* **Information shown**:
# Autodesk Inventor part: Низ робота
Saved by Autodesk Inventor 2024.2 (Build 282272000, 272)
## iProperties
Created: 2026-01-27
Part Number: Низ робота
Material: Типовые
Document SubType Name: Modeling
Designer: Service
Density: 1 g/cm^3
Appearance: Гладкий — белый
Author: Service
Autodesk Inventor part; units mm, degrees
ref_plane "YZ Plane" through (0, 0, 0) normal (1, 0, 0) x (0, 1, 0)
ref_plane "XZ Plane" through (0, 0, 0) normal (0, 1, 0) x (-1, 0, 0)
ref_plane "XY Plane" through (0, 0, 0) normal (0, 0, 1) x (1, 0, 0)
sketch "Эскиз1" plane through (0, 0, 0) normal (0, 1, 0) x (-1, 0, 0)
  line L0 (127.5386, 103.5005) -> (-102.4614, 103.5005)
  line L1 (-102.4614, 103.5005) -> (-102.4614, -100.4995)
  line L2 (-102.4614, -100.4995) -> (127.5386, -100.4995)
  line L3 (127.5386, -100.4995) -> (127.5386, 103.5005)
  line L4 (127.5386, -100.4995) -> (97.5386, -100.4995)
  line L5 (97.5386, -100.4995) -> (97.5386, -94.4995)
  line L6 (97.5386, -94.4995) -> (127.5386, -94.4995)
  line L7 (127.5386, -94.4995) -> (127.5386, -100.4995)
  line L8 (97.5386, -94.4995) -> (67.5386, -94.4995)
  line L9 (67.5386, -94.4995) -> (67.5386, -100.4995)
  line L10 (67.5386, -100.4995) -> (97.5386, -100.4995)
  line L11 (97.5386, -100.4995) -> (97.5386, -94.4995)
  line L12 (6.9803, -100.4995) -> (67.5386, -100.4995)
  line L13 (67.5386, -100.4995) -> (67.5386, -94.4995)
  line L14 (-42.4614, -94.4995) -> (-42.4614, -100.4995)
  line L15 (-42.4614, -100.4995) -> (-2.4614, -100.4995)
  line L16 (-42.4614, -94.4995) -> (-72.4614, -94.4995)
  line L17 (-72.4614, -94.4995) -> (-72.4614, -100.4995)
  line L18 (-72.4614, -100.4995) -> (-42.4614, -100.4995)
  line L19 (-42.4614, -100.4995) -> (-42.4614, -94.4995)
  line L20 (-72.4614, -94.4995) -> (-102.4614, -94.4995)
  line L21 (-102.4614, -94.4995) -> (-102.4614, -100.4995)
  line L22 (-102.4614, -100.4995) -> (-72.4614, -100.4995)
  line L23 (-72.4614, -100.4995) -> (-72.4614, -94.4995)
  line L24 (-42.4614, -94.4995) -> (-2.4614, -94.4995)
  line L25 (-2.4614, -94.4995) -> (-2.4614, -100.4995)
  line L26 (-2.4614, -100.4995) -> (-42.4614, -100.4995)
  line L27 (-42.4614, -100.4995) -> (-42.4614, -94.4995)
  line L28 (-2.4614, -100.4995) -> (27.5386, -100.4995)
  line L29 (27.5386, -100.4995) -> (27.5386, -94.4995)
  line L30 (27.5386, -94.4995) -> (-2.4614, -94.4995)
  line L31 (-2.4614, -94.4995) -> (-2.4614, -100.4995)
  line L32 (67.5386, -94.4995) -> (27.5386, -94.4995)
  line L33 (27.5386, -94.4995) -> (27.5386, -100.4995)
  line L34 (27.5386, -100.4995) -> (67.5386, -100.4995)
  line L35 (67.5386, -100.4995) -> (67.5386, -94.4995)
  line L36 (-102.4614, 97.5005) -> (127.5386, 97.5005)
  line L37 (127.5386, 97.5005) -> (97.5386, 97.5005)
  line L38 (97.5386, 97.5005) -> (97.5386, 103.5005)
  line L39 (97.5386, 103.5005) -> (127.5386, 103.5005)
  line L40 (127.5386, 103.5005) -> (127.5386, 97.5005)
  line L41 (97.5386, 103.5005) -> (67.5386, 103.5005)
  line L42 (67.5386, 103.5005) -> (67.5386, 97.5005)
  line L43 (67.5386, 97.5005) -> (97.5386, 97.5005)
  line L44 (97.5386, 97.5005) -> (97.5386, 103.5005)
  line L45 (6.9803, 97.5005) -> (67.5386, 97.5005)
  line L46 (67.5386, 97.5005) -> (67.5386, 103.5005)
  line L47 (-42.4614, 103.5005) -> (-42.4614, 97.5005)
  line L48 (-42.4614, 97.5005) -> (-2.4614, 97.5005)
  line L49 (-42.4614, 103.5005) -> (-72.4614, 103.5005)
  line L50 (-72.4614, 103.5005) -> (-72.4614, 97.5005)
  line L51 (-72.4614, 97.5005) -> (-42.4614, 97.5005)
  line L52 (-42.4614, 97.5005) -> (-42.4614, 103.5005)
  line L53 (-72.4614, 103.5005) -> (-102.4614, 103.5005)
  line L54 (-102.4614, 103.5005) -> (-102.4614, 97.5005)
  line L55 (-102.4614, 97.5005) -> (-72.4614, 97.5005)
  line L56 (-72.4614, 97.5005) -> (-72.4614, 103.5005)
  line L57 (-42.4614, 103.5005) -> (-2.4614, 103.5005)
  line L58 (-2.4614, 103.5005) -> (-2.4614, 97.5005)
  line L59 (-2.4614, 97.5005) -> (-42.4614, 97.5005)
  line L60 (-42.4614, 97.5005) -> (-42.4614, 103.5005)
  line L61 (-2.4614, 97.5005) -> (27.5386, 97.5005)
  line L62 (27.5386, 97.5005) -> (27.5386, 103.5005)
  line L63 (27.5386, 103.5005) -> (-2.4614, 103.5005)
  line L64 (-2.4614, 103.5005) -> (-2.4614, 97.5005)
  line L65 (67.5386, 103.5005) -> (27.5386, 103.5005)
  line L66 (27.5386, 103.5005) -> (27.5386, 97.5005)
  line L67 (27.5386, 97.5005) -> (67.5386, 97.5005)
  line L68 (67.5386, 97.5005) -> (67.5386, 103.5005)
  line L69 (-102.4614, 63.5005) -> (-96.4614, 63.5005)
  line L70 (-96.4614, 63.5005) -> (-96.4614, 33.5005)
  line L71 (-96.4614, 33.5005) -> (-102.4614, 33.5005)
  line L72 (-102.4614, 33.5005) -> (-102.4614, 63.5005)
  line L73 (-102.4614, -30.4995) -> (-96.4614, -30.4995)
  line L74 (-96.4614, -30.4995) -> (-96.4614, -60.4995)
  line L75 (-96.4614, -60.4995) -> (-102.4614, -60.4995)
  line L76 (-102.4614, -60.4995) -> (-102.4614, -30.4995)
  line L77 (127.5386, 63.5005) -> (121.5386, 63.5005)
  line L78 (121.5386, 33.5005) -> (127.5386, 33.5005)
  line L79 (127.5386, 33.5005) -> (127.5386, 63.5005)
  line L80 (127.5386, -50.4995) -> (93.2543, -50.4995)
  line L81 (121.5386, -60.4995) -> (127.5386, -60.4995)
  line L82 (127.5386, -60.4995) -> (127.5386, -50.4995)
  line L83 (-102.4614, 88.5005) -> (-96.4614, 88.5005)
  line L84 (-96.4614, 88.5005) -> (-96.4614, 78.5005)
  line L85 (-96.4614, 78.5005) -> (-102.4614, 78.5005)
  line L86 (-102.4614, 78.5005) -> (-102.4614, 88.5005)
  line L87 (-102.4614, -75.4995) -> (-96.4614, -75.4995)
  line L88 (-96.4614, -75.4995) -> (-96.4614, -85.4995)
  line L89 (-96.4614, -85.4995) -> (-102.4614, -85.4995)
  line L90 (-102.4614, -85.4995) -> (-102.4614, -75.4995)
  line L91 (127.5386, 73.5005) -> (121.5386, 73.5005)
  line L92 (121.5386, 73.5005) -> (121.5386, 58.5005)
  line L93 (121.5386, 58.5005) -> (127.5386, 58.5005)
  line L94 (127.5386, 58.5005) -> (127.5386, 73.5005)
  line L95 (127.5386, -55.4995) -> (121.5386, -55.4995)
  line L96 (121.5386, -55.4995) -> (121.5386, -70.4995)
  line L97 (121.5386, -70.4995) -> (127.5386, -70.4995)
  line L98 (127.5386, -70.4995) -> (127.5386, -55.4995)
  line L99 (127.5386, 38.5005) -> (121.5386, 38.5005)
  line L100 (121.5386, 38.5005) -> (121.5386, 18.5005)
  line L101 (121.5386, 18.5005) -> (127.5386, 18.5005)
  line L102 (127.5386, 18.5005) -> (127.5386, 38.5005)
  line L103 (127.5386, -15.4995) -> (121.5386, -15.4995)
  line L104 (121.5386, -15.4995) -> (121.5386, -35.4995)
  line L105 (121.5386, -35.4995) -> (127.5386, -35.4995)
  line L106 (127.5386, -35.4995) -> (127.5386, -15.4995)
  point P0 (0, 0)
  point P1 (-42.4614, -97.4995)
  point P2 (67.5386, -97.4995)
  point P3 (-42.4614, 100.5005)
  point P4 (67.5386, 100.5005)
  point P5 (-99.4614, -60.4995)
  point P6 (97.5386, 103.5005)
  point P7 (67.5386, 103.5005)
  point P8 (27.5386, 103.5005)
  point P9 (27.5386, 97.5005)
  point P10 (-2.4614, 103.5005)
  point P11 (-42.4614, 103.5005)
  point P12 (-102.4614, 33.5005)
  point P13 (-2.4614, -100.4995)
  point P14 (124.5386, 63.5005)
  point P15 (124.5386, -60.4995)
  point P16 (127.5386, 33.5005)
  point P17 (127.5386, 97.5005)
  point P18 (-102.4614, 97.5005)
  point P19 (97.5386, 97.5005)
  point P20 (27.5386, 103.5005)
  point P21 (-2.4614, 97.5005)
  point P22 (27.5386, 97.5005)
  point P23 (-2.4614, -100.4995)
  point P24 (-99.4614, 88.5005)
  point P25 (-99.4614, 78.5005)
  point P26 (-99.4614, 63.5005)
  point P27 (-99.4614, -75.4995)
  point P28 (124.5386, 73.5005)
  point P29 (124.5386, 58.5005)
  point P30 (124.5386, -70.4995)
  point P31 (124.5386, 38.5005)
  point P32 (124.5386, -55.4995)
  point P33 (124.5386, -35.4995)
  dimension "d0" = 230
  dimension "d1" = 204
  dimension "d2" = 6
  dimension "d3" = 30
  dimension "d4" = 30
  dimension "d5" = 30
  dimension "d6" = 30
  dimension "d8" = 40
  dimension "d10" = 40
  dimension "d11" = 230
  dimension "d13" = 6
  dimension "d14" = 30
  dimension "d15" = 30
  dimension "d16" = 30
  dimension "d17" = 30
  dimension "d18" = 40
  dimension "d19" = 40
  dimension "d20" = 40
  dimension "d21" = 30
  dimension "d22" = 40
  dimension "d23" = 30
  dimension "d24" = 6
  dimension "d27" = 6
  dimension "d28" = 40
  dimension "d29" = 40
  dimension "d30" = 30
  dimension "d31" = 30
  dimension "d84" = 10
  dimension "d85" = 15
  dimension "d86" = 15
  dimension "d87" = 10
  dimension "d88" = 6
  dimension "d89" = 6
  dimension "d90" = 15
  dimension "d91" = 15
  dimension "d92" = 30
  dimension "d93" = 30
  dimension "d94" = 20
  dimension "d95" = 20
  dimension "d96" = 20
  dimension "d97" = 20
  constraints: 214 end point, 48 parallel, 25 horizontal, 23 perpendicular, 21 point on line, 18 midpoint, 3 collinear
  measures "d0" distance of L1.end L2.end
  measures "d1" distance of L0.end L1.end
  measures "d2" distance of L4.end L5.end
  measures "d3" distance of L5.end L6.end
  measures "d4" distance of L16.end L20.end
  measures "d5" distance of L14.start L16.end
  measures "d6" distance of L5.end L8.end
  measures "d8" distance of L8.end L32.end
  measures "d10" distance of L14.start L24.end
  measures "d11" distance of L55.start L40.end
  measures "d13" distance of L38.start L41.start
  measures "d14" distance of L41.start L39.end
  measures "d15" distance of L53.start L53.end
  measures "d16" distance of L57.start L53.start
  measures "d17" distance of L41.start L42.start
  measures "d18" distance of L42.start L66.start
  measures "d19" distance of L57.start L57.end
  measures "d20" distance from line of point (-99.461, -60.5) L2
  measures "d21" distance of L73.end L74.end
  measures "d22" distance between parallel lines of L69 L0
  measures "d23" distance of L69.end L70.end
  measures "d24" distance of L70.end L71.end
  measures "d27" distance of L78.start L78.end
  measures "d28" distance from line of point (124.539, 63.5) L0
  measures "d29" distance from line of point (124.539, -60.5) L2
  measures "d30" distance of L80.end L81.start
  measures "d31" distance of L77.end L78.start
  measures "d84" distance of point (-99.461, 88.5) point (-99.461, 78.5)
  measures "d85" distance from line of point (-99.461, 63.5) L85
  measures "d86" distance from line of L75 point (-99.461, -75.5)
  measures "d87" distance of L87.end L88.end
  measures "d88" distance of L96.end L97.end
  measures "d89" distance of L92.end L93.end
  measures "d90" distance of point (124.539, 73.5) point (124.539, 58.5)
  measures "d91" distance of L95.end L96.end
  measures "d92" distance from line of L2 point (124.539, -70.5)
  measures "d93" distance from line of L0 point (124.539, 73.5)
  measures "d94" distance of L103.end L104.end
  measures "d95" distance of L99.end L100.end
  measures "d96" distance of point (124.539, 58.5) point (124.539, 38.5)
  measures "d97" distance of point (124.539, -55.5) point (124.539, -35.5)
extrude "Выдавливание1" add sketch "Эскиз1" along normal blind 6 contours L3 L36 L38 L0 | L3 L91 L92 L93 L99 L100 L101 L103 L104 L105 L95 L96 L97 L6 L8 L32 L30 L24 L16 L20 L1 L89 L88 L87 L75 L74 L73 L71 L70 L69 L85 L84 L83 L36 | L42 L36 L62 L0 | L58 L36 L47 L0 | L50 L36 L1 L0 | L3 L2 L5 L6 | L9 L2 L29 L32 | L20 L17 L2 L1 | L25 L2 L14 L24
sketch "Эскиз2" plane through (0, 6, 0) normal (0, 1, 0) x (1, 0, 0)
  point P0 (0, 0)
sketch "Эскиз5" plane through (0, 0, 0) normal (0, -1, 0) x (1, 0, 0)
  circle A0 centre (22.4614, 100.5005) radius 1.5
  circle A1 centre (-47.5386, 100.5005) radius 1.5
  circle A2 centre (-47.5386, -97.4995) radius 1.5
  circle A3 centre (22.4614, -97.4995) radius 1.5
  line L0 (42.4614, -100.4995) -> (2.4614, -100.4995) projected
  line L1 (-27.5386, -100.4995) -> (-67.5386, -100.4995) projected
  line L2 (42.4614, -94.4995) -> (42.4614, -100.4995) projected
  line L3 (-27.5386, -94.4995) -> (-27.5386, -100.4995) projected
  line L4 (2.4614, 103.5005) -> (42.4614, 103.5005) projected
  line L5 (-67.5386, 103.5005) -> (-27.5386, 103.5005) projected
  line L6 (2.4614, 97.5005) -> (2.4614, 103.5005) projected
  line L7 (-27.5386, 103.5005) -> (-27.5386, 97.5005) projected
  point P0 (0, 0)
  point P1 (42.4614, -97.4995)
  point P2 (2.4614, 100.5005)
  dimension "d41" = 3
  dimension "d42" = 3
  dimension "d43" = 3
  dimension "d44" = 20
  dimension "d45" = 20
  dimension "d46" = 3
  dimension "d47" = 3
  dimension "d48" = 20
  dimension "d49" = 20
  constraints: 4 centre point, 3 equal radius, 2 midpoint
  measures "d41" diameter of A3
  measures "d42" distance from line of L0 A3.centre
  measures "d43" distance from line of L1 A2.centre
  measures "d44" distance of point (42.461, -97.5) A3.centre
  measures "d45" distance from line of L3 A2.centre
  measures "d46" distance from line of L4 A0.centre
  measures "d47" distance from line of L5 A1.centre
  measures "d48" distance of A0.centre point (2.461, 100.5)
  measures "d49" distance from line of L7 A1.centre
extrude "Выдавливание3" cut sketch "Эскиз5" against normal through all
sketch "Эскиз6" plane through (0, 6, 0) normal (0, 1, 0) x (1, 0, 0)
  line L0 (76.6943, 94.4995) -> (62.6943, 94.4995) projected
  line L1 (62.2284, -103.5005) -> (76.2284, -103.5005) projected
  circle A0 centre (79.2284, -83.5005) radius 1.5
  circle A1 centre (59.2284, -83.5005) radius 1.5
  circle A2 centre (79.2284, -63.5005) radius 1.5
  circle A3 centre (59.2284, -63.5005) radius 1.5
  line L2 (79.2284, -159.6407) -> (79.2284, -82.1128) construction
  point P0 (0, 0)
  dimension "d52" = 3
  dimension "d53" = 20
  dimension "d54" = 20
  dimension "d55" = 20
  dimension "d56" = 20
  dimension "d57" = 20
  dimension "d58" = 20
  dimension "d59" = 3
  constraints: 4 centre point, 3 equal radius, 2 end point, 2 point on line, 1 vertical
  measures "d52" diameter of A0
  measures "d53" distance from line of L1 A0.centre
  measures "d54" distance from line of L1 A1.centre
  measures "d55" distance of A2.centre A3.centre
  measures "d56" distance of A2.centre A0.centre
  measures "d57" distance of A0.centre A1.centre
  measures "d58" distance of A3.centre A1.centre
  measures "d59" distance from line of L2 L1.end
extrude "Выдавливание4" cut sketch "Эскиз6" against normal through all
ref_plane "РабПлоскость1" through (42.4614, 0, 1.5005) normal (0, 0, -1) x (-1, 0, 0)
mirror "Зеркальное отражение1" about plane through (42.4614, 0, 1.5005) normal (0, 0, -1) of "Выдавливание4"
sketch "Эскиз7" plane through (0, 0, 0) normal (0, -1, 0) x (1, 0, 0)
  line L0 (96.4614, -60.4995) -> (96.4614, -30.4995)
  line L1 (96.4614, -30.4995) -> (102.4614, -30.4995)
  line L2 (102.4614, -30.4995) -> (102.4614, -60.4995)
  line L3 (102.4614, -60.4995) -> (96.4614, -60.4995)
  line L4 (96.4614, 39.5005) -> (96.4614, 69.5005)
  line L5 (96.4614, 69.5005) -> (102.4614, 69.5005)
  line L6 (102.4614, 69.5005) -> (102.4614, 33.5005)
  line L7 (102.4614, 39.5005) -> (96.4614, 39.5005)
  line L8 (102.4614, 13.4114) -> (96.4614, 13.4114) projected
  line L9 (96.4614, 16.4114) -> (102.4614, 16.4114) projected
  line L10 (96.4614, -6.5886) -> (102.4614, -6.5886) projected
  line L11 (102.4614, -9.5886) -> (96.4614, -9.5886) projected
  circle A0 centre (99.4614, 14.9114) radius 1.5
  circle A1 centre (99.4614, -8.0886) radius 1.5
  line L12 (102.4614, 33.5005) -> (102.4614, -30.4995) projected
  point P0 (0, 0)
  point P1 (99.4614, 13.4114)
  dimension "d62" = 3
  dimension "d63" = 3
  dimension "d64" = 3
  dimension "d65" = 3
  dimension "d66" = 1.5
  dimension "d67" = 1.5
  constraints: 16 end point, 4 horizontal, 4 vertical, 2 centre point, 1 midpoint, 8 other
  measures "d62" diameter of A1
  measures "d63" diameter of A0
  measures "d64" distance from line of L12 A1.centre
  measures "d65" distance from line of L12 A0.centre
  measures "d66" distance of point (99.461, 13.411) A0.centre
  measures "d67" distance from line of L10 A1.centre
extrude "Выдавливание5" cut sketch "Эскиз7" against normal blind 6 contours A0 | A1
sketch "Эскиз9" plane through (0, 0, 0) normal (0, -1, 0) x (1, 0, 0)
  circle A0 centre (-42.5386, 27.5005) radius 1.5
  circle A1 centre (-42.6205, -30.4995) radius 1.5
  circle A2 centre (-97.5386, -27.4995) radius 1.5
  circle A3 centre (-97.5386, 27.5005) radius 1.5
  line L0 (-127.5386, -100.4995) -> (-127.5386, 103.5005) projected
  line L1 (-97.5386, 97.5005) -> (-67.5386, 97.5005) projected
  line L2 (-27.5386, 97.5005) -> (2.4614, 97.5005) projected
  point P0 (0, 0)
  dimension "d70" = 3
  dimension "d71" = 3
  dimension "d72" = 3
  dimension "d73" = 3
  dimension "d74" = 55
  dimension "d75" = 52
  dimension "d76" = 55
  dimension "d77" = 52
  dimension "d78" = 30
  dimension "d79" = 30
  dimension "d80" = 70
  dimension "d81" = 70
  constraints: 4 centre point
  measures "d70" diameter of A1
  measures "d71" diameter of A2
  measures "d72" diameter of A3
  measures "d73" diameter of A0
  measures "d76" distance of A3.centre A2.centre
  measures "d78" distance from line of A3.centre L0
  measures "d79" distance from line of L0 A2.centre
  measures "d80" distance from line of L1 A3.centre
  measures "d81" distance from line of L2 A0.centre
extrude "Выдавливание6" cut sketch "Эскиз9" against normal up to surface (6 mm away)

* **Task item**: Tally the lines in the listing that hold "constraints" and report the number alone.

* **Answer to the exercise**: 5